I thought the same thing till I tried it... flat out astonishing to get this kind of output from one enclosure this small. 

Sent from my SM-G965U using Tapatalk


----------



## jheat2500 (Mar 1, 2021)

Just for an idea how much I had to shoehorn the SQL-12 into a tiny enclosure...had to clear the magnet.


----------



## cman (Aug 24, 2020)

Ok so I know the SQL-12 dropped in price for this sale.. I think down from $350… and am I just tripping or did the price of the amps go up before the sale? I sware I was looking at them before and I don’t remember them being that expensive.. does anyone remember?


----------



## JI808 (Nov 20, 2013)

cman said:


> Ok so I know the SQL-12 dropped in price for this sale.. I think down from $350… and am I just tripping or did the price of the amps go up before the sale? I sware I was looking at them before and I don’t remember them being that expensive.. does anyone remember?



They were on sale when they came out then went to regular pricing after a while. 

They're on sale now.


----------



## Stycker (Jan 31, 2018)

cman said:


> Ok so I know the SQL-12 dropped in price for this sale.. I think down from $350… and am I just tripping or did the price of the amps go up before the sale? I sware I was looking at them before and I don’t remember them being that expensive.. does anyone remember?

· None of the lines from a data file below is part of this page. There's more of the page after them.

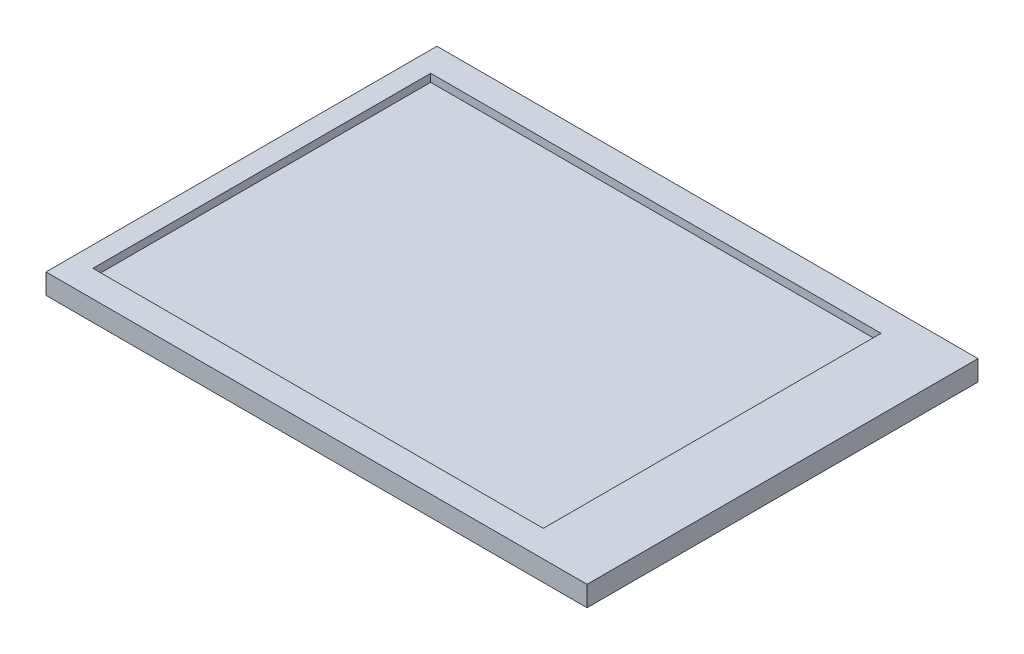
SolidWorks part; units mm, degrees
ref_plane "前视基准面" through (0, 0, 0) normal (0, 0, 1) x (1, 0, 0)
ref_plane "上视基准面" through (0, 0, 0) normal (0, 1, 0) x (1, 0, 0)
ref_plane "右视基准面" through (0, 0, 0) normal (1, 0, 0) x (0, 0, -1)
other "Configuration Table"
sketch "LCD外壳" plane through (0, 0, 0) normal (0, 1, 0) x (1, 0, 0)
  line L1 (-34.6, -25) -> (34.6, -25)
  line L2 (-34.6, -25) -> (-34.6, 25)
  line L3 (-34.6, 25) -> (34.6, 25)
  line L4 (34.6, -25) -> (34.6, 25)
  line L5 (-34.6, -25) -> (34.6, 25) construction
  line L6 (-34.6, 25) -> (34.6, -25) construction
  line L7 (-32, -21.6) -> (25.6, -21.6)
  line L8 (-32, -21.6) -> (-32, 21.6)
  line L9 (-32, 21.6) -> (25.6, 21.6)
  line L10 (25.6, -21.6) -> (25.6, 21.6)
  line L11 (-32, -21.6) -> (25.6, 21.6) construction
  line L12 (-32, 21.6) -> (25.6, -21.6) construction
  point P0 (0, 0)
  point P6 (-3.2, 0)
  dimension "D1" = 50
  dimension "D2" = 69.2
  dimension "D3" = 43.2
  dimension "D4" = 57.6
  dimension "D5" = 2.6
  dimension "D6" = 3.4
extrude "凸台-拉伸2" add sketch "LCD外壳" against normal blind 2.6 contours L1 L4 L3 L2 L10 L7 L8 L9 | L7 L10 L9 L8 region at (-33.7463, 0, 0) region at (-3.2, 0, 0)
extrude "切除-拉伸1" cut sketch "LCD外壳<3>" against normal blind 1 contours L7 L10 L9 L8 region at (-3.2, 0, 0)
sketch "LCD外壳<3>" plane through (0, 0, 0) normal (0, 1, 0) x (1, 0, 0) same geometry as "LCD外壳"
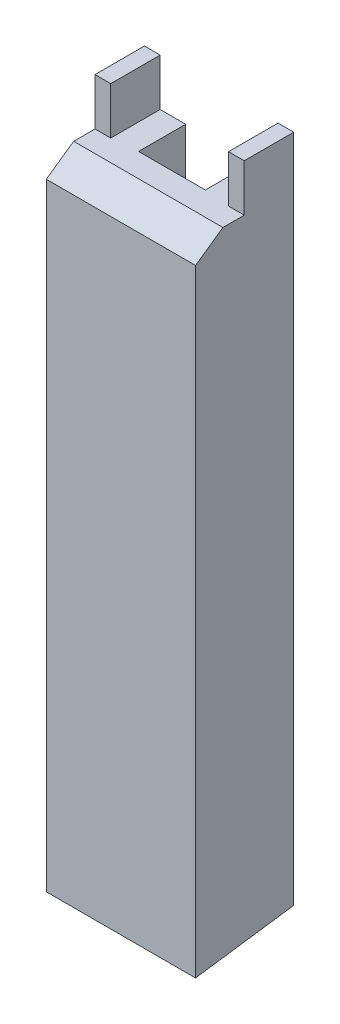
SolidWorks part; units mm, degrees
ref_plane "Front Plane" through (0, 0, 0) normal (0, 0, 1) x (1, 0, 0)
ref_plane "Top Plane" through (0, 0, 0) normal (0, 1, 0) x (1, 0, 0)
ref_plane "Right Plane" through (0, 0, 0) normal (1, 0, 0) x (0, 0, -1)
sketch "Sketch1" plane through (0, 0, 0) normal (0, 0, 1) x (1, 0, 0)
  line L1 (-9.7143, 13.1912) -> (9.2857, 13.1912)
  line L2 (-9.7143, 13.1912) -> (-9.7143, -67.8088)
  line L3 (-9.7143, -67.8088) -> (9.2857, -67.8088)
  line L4 (9.2857, 13.1912) -> (9.2857, -67.8088)
  dimension "D1" = 19
  dimension "D2" = 81
extrude "Boss-Extrude1" add sketch "Sketch1" along normal blind 12.5
sketch "Sketch2" plane through (0, 0, 0) normal (0, 0, -1) x (-1, 0, 0)
  line L0 (0.2143, 16.8694) -> (0.2143, -71.6226) construction
  line L5 (-9.2857, -67.8088) -> (-9.2857, 13.1912) construction
  line L6 (9.7143, 13.1912) -> (9.7143, -67.8088) construction
  line L7 (-9.2857, 13.1912) -> (9.7143, 13.1912) construction
  line L8 (-4.0357, 13.1912) -> (4.4643, 13.1912)
  line L9 (-4.0357, 13.1912) -> (-4.0357, -67.8088)
  line L10 (-4.0357, -67.8088) -> (4.4643, -67.8088)
  line L11 (4.4643, 13.1912) -> (4.4643, -67.8088)
  line L13 (9.7143, -67.8088) -> (-9.2857, -67.8088) construction
  dimension "D1" = 8.5
extrude "Cut-Extrude1" cut sketch "Sketch2" against normal blind 6
ref_plane "Plane1" through (0, -64.7727, -9.1032) normal (0, -0.9903, -0.1392) x (1, 0, 0)
sketch "Sketch3" plane through (0, -64.7727, -9.1032) normal (0, -0.9903, -0.1392) x (1, 0, 0)
  line L9 (-16.6295, 27.5301) -> (15.1549, 27.5301)
  line L10 (-16.6295, 27.5301) -> (-16.6295, 7.4455)
  line L11 (-16.6295, 7.4455) -> (15.1549, 7.4455)
  line L12 (15.1549, 27.5301) -> (15.1549, 7.4455)
extrude "Cut-Extrude2" cut sketch "Sketch3" along normal through all
ref_plane "Plane2" through (0, 14.7245, 10.3102) normal (0, 0.8192, 0.5736) x (-1, 0, 0)
ref_plane "Plane3" through (0, 13.0862, 9.163) normal (0, 0.8192, 0.5736) x (-1, 0, 0)
sketch "Sketch4" plane through (0, 13.0862, 9.163) normal (0, 0.8192, 0.5736) x (-1, 0, 0)
  line L1 (-13.8089, 11.272) -> (13.9843, 11.272)
  line L2 (-13.8089, 11.272) -> (-13.8089, -4.4518)
  line L3 (-13.8089, -4.4518) -> (13.9843, -4.4518)
  line L4 (13.9843, 11.272) -> (13.9843, -4.4518)
extrude "Cut-Extrude3" cut sketch "Sketch4" along normal through all
sketch "Sketch5" plane through (0, 13.1912, 0) normal (0, 1, 0) x (1, 0, 0)
  line L1 (-9.7143, 0) -> (-7.7143, 0)
  line L2 (-9.7143, 0) -> (-9.7143, -6.3)
  line L3 (-9.7143, -6.3) -> (-7.7143, -6.3)
  line L4 (-7.7143, 0) -> (-7.7143, -6.3)
  line L5 (9.2857, 0) -> (7.2857, 0)
  line L6 (9.2857, 0) -> (9.2857, -6.3)
  line L7 (9.2857, -6.3) -> (7.2857, -6.3)
  line L8 (7.2857, 0) -> (7.2857, -6.3)
  dimension "D1" = 2
  dimension "D2" = 6.3
  dimension "D3" = 6.3
  dimension "D4" = 2
extrude "Boss-Extrude2" add sketch "Sketch5" along normal blind 6

 I purchased a few amps from them a couple months ago at full price. It looks like the 1500D increased in price pre sale but not the rest of the line up. I have an invoice if you want me check for sure.


----------



## daloudin (Nov 2, 2020)

JI808 said:


> They were on sale when they came out then went to regular pricing after a while.
> 
> They're on sale now.


The original price was a pre-order price. Then they went to regular price and are now on sale.


----------



## cman (Aug 24, 2020)

Stycker said:


> I purchased a few amps from them a couple months ago at full price. It looks like the 1500D increased in price pre sale but not the rest of the line up. I have an invoice if you want me check for sure.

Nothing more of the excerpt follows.